Знаете, Дарья, вы первый человек, у которого совпало мнение с моим. Я очень высоко ценю эту вещь, я люблю эту повесть. Я считаю Ремизова гениальным русским писателем. Это одно из самых мрачных, самых сильных, самых стилистически цельных произведений русской литературы. У Ремизова вообще мне всё нравится: и «Кукха: Розановы письма», и безумно мне нравится у него… Да на одно объяснение того, что такое «кукха», могла бы уйти вся программа (вот эта звёздная влага жизни, звёздная сперма, влажность). Безумно нравится мне и «Подстриженными глазами», и «Взвихрённая Русь». Меньше нравятся «Пруд», «Часы» и вообще его ранняя беллетристика. «Крестовые сёстры» — книга, на которой он переломился, книга, с которой он начался. Вот Глотов и Маракулин — наверное, два самых важных персонажа русской прозы десятых годов (она, по-моему, ещё 1908 года), помимо «Петербурга» Белого. У меня в цикле на «Дожде» «Сто событий — сто лекций» будет про Ремизова, но позже, про более позднего Ремизова.
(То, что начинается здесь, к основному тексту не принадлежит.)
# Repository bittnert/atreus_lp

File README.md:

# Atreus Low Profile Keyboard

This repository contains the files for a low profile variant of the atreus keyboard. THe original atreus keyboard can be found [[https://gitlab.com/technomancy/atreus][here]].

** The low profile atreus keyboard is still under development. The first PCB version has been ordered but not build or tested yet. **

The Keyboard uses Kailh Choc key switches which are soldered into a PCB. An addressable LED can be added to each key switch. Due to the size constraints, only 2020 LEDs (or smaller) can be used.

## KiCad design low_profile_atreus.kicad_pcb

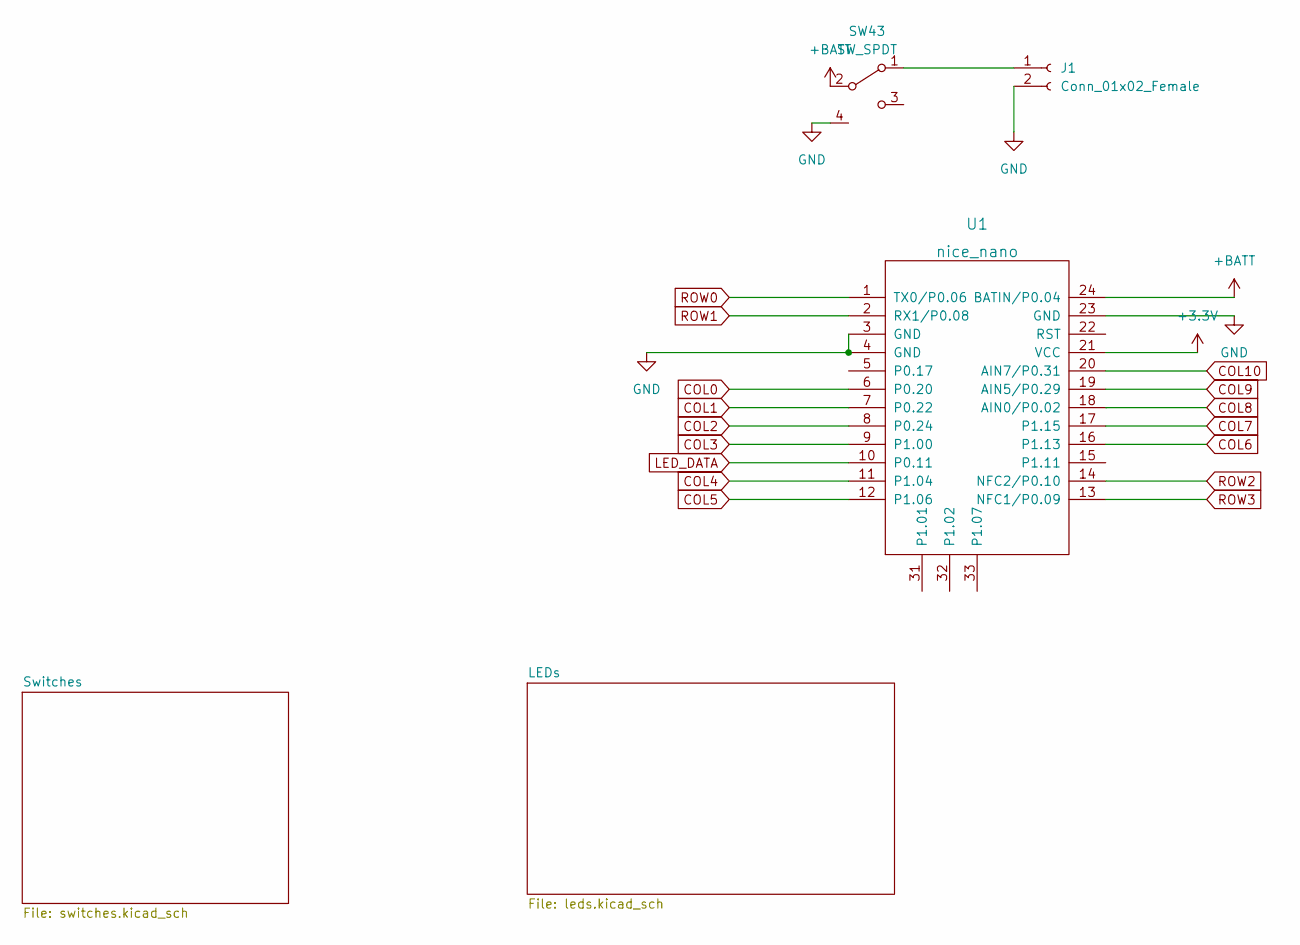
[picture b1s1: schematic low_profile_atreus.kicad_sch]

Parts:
J1: Conn_01x02_Female; JST_PH_S2B-PH-K_1x02_P2.00mm_Horizontal
SW43: SW_SPDT; MSK12C02
U1: nice_nano

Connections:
+3V3: U1.21 (VCC); also elsewhere on the board
+BATT: SW43.2 (B), U1.24 (BATIN/P0.04)
COL0: U1.6 (P0.20); also elsewhere on the board
COL1: U1.7 (P0.22); also elsewhere on the board
COL2: U1.8 (P0.24); also elsewhere on the board
COL3: U1.9 (P1.00); also elsewhere on the board
COL4: U1.11 (P1.04); also elsewhere on the board
COL5: U1.12 (P1.06); also elsewhere on the board
COL6: U1.16 (P1.13); also elsewhere on the board
COL7: U1.17 (P1.15); also elsewhere on the board
COL8: U1.18 (AIN0/P0.02); also elsewhere on the board
COL9: U1.19 (AIN5/P0.29); also elsewhere on the board
COL10: U1.20 (AIN7/P0.31); also elsewhere on the board
GND: J1.2, SW43.4 (GND), U1.3 (GND), U1.4 (GND), U1.23 (GND); also elsewhere on the board
LED_DATA: U1.10 (P0.11); also elsewhere on the board
unnamed: J1.1, SW43.1 (A)
ROW0: U1.1 (TX0/P0.06); also elsewhere on the board
ROW1: U1.2 (RX1/P0.08); also elsewhere on the board
ROW2: U1.14 (NFC2/P0.10); also elsewhere on the board
ROW3: U1.13 (NFC1/P0.09); also elsewhere on the board

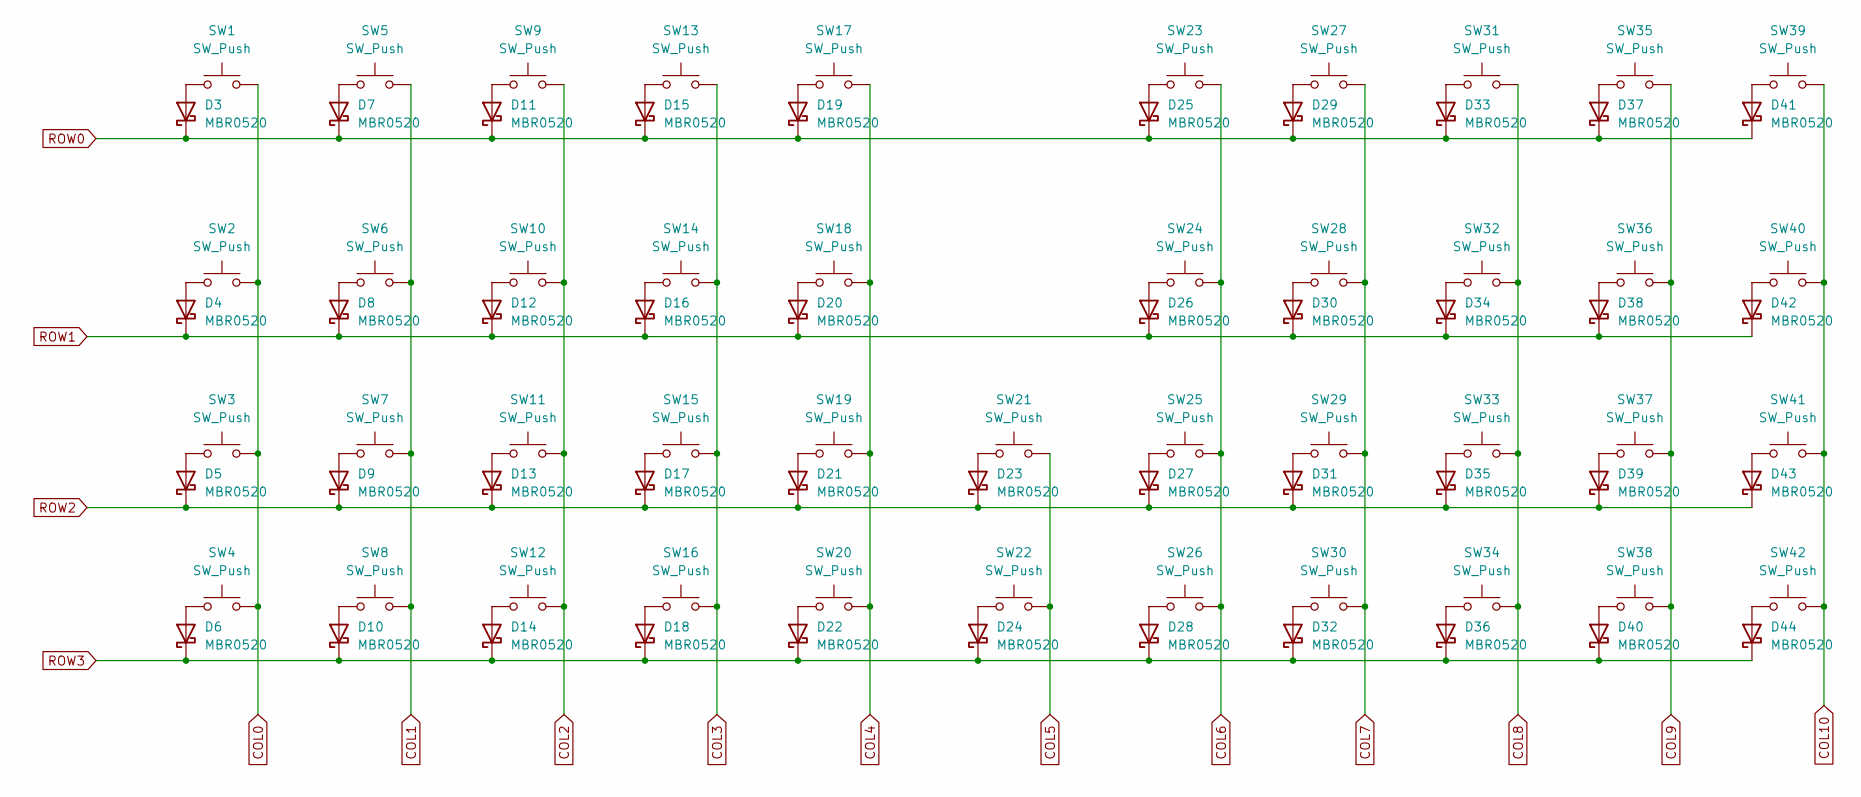
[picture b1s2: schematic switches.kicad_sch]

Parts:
D3, D4, D5, D6, D7, D8, D9, D10, D11, D12, D13, D14, D15, D16, D17, D18, D19, D20, D21, D22, D23, D24, D25, D26, D27, D28, D29, D30, D31, D32, D33, D34, D35, D36, D37, D38, D39, D40, D41, D42, D43, D44: MBR0520; D_SOD-123
SW1, SW2, SW3, SW4, SW5, SW6, SW7, SW8, SW9, SW10, SW11, SW12, SW13, SW14, SW15, SW16, SW17, SW18, SW19, SW20, SW21, SW22, SW23, SW24, SW25, SW26, SW27, SW28, SW29, SW30, SW31, SW32, SW33, SW34, SW35, SW36, SW37, SW38, SW39, SW40, SW41, SW42: SW_Push; SW_PG1350

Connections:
COL0: SW1.2, SW2.2, SW3.2, SW4.2; also elsewhere on the board
COL1: SW5.2, SW6.2, SW7.2, SW8.2; also elsewhere on the board
COL2: SW9.2, SW10.2, SW11.2, SW12.2; also elsewhere on the board
COL3: SW13.2, SW14.2, SW15.2, SW16.2; also elsewhere on the board
COL4: SW17.2, SW18.2, SW19.2, SW20.2; also elsewhere on the board
COL5: SW21.2, SW22.2; also elsewhere on the board
COL6: SW23.2, SW24.2, SW25.2, SW26.2; also elsewhere on the board
COL7: SW27.2, SW28.2, SW29.2, SW30.2; also elsewhere on the board
COL8: SW31.2, SW32.2, SW33.2, SW34.2; also elsewhere on the board
COL9: SW35.2, SW36.2, SW37.2, SW38.2; also elsewhere on the board
COL10: SW39.2, SW40.2, SW41.2, SW42.2; also elsewhere on the board
unnamed: D3.2 (A), SW1.1
unnamed: D4.2 (A), SW2.1
unnamed: D5.2 (A), SW3.1
unnamed: D6.2 (A), SW4.1
unnamed: D7.2 (A), SW5.1
unnamed: D8.2 (A), SW6.1
unnamed: D9.2 (A), SW7.1
unnamed: D10.2 (A), SW8.1
unnamed: D11.2 (A), SW9.1
unnamed: D12.2 (A), SW10.1
unnamed: D13.2 (A), SW11.1
unnamed: D14.2 (A), SW12.1
unnamed: D15.2 (A), SW13.1
unnamed: D16.2 (A), SW14.1
unnamed: D17.2 (A), SW15.1
unnamed: D18.2 (A), SW16.1
unnamed: D19.2 (A), SW17.1
unnamed: D20.2 (A), SW18.1
unnamed: D21.2 (A), SW19.1
unnamed: D22.2 (A), SW20.1
unnamed: D23.2 (A), SW21.1
unnamed: D24.2 (A), SW22.1
unnamed: D25.2 (A), SW23.1
unnamed: D26.2 (A), SW24.1
unnamed: D27.2 (A), SW25.1
unnamed: D28.2 (A), SW26.1
unnamed: D29.2 (A), SW27.1
unnamed: D30.2 (A), SW28.1
unnamed: D31.2 (A), SW29.1
unnamed: D32.2 (A), SW30.1
unnamed: D33.2 (A), SW31.1
unnamed: D34.2 (A), SW32.1
unnamed: D35.2 (A), SW33.1
unnamed: D36.2 (A), SW34.1
unnamed: D37.2 (A), SW35.1
unnamed: D38.2 (A), SW36.1
unnamed: D39.2 (A), SW37.1
unnamed: D40.2 (A), SW38.1
unnamed: D41.2 (A), SW39.1
unnamed: D42.2 (A), SW40.1
unnamed: D43.2 (A), SW41.1
unnamed: D44.2 (A), SW42.1
ROW0: D3.1 (K), D7.1 (K), D11.1 (K), D15.1 (K), D19.1 (K), D25.1 (K), D29.1 (K), D33.1 (K), D37.1 (K), D41.1 (K); also elsewhere on the board
ROW1: D4.1 (K), D8.1 (K), D12.1 (K), D16.1 (K), D20.1 (K), D26.1 (K), D30.1 (K), D34.1 (K), D38.1 (K), D42.1 (K); also elsewhere on the board
ROW2: D5.1 (K), D9.1 (K), D13.1 (K), D17.1 (K), D21.1 (K), D23.1 (K), D27.1 (K), D31.1 (K), D35.1 (K), D39.1 (K), D43.1 (K); also elsewhere on the board
ROW3: D6.1 (K), D10.1 (K), D14.1 (K), D18.1 (K), D22.1 (K), D24.1 (K), D28.1 (K), D32.1 (K), D36.1 (K), D40.1 (K), D44.1 (K); also elsewhere on the board

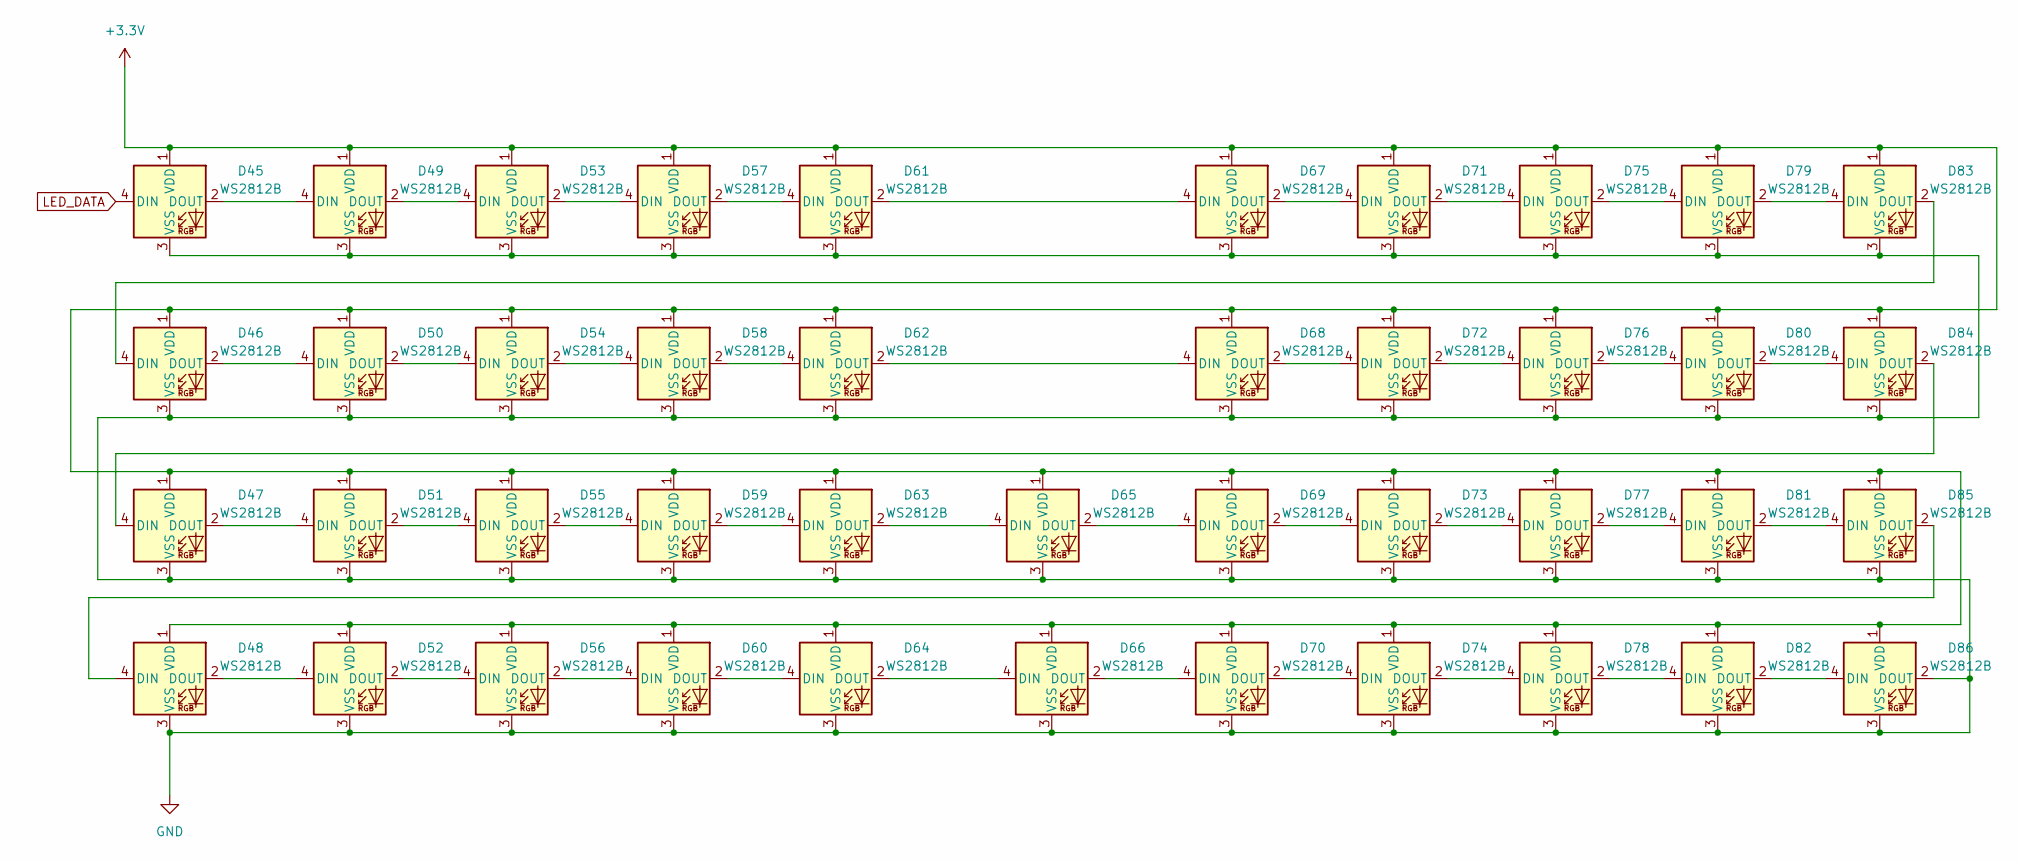
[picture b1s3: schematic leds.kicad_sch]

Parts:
D45, D46, D47, D48, D49, D50, D51, D52, D53, D54, D55, D56, D57, D58, D59, D60, D61, D62, D63, D64, D65, D66, D67, D68, D69, D70, D71, D72, D73, D74, D75, D76, D77, D78, D79, D80, D81, D82, D83, D84, D85, D86: WS2812B; LED_Cree-PLCC4_2x2mm_CW

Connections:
+3V3: D45.1 (VDD), D46.1 (VDD), D47.1 (VDD), D48.1 (VDD), D49.1 (VDD), D50.1 (VDD), D51.1 (VDD), D52.1 (VDD), D53.1 (VDD), D54.1 (VDD), D55.1 (VDD), D56.1 (VDD), D57.1 (VDD), D58.1 (VDD), D59.1 (VDD), D60.1 (VDD), D61.1 (VDD), D62.1 (VDD), D63.1 (VDD), D64.1 (VDD), D65.1 (VDD), D66.1 (VDD), D67.1 (VDD), D68.1 (VDD), D69.1 (VDD), D70.1 (VDD), D71.1 (VDD), D72.1 (VDD), D73.1 (VDD), D74.1 (VDD), D75.1 (VDD), D76.1 (VDD), D77.1 (VDD), D78.1 (VDD), D79.1 (VDD), D80.1 (VDD), D81.1 (VDD), D82.1 (VDD), D83.1 (VDD), D84.1 (VDD), D85.1 (VDD), D86.1 (VDD); also elsewhere on the board
GND: D45.3 (VSS), D46.3 (VSS), D47.3 (VSS), D48.3 (VSS), D49.3 (VSS), D50.3 (VSS), D51.3 (VSS), D52.3 (VSS), D53.3 (VSS), D54.3 (VSS), D55.3 (VSS), D56.3 (VSS), D57.3 (VSS), D58.3 (VSS), D59.3 (VSS), D60.3 (VSS), D61.3 (VSS), D62.3 (VSS), D63.3 (VSS), D64.3 (VSS), D65.3 (VSS), D66.3 (VSS), D67.3 (VSS), D68.3 (VSS), D69.3 (VSS), D70.3 (VSS), D71.3 (VSS), D72.3 (VSS), D73.3 (VSS), D74.3 (VSS), D75.3 (VSS), D76.3 (VSS), D77.3 (VSS), D78.3 (VSS), D79.3 (VSS), D80.3 (VSS), D81.3 (VSS), D82.3 (VSS), D83.3 (VSS), D84.3 (VSS), D85.3 (VSS), D86.2 (DOUT), D86.3 (VSS); also elsewhere on the board
LED_DATA: D45.4 (DIN); also elsewhere on the board
unnamed: D45.2 (DOUT), D49.4 (DIN)
unnamed: D46.2 (DOUT), D50.4 (DIN)
unnamed: D46.4 (DIN), D83.2 (DOUT)
unnamed: D47.2 (DOUT), D51.4 (DIN)
unnamed: D47.4 (DIN), D84.2 (DOUT)
unnamed: D48.2 (DOUT), D52.4 (DIN)
unnamed: D48.4 (DIN), D85.2 (DOUT)
unnamed: D49.2 (DOUT), D53.4 (DIN)
unnamed: D50.2 (DOUT), D54.4 (DIN)
unnamed: D51.2 (DOUT), D55.4 (DIN)
unnamed: D52.2 (DOUT), D56.4 (DIN)
unnamed: D53.2 (DOUT), D57.4 (DIN)
unnamed: D54.2 (DOUT), D58.4 (DIN)
unnamed: D55.2 (DOUT), D59.4 (DIN)
unnamed: D56.2 (DOUT), D60.4 (DIN)
unnamed: D57.2 (DOUT), D61.4 (DIN)
unnamed: D58.2 (DOUT), D62.4 (DIN)
unnamed: D59.2 (DOUT), D63.4 (DIN)
unnamed: D60.2 (DOUT), D64.4 (DIN)
unnamed: D61.2 (DOUT), D67.4 (DIN)
unnamed: D62.2 (DOUT), D68.4 (DIN)
unnamed: D63.2 (DOUT), D65.4 (DIN)
unnamed: D64.2 (DOUT), D66.4 (DIN)
unnamed: D65.2 (DOUT), D69.4 (DIN)
unnamed: D66.2 (DOUT), D70.4 (DIN)
unnamed: D67.2 (DOUT), D71.4 (DIN)
unnamed: D68.2 (DOUT), D72.4 (DIN)
unnamed: D69.2 (DOUT), D73.4 (DIN)
unnamed: D70.2 (DOUT), D74.4 (DIN)
unnamed: D71.2 (DOUT), D75.4 (DIN)
unnamed: D72.2 (DOUT), D76.4 (DIN)
unnamed: D73.2 (DOUT), D77.4 (DIN)
unnamed: D74.2 (DOUT), D78.4 (DIN)
unnamed: D75.2 (DOUT), D79.4 (DIN)
unnamed: D76.2 (DOUT), D80.4 (DIN)
unnamed: D77.2 (DOUT), D81.4 (DIN)
unnamed: D78.2 (DOUT), D82.4 (DIN)
unnamed: D79.2 (DOUT), D83.4 (DIN)
unnamed: D80.2 (DOUT), D84.4 (DIN)
unnamed: D81.2 (DOUT), D85.4 (DIN)
unnamed: D82.2 (DOUT), D86.4 (DIN)

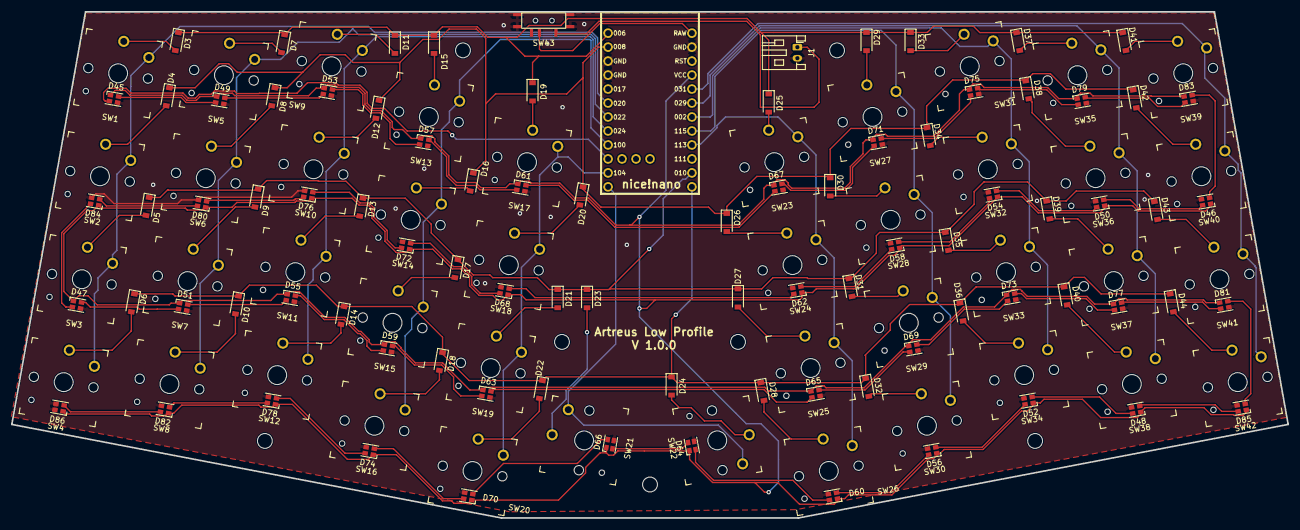
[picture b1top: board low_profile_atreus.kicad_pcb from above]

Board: 2 copper layers, 232.0 x 92.0 mm, 136 parts (0 on the bottom side), 103 nets.

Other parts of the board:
Mounting Hole 2, Mounting Hole 3, Mounting Hole 4, Mounting Hole 5, Mounting Hole 6, Mounting Hole 7: MountingHole_2.7mm_M2.5
mounting Hole 1: MountingHole_2.7mm_M2.5

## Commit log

2022-11-13 Atreus Low Profile PCB Version 1.0.0

Но всё равно «Крестовые сёстры» — вы правы, это совершенно гениальный текст. Мрачный, да, потому что Ремизов вообще мрачный, больной. Его жанр — это молитва, и молитва жалобная. Ремизов жалобный. Вот он не боится быть слабым и жалобным. Как он всю жизнь жил за спиной своей Серафимы Павловны Довгелло, которая была его женой и защитницей. Как он ослеп в старости, беспомощный и нищий. Как он еле выживал в эмиграции. Это всё жалобная судьба. Как он в женской кофте своей спасался в Петрограде во время голода и холода, выдавал всем эти свои документы «Обезвелволпала» («Обезьяньей Великой и Вольной Палаты»). Это бесконечно трогательный человек, художник прекрасный! Вот Ремизова я люблю какой-то человеческой любовью, у меня глубочайшая нежность к нему. И, конечно, стилист он не хуже Белого (а может, и лучше). Так что вы правы, это надо, конечно, перечитывать беспрерывно.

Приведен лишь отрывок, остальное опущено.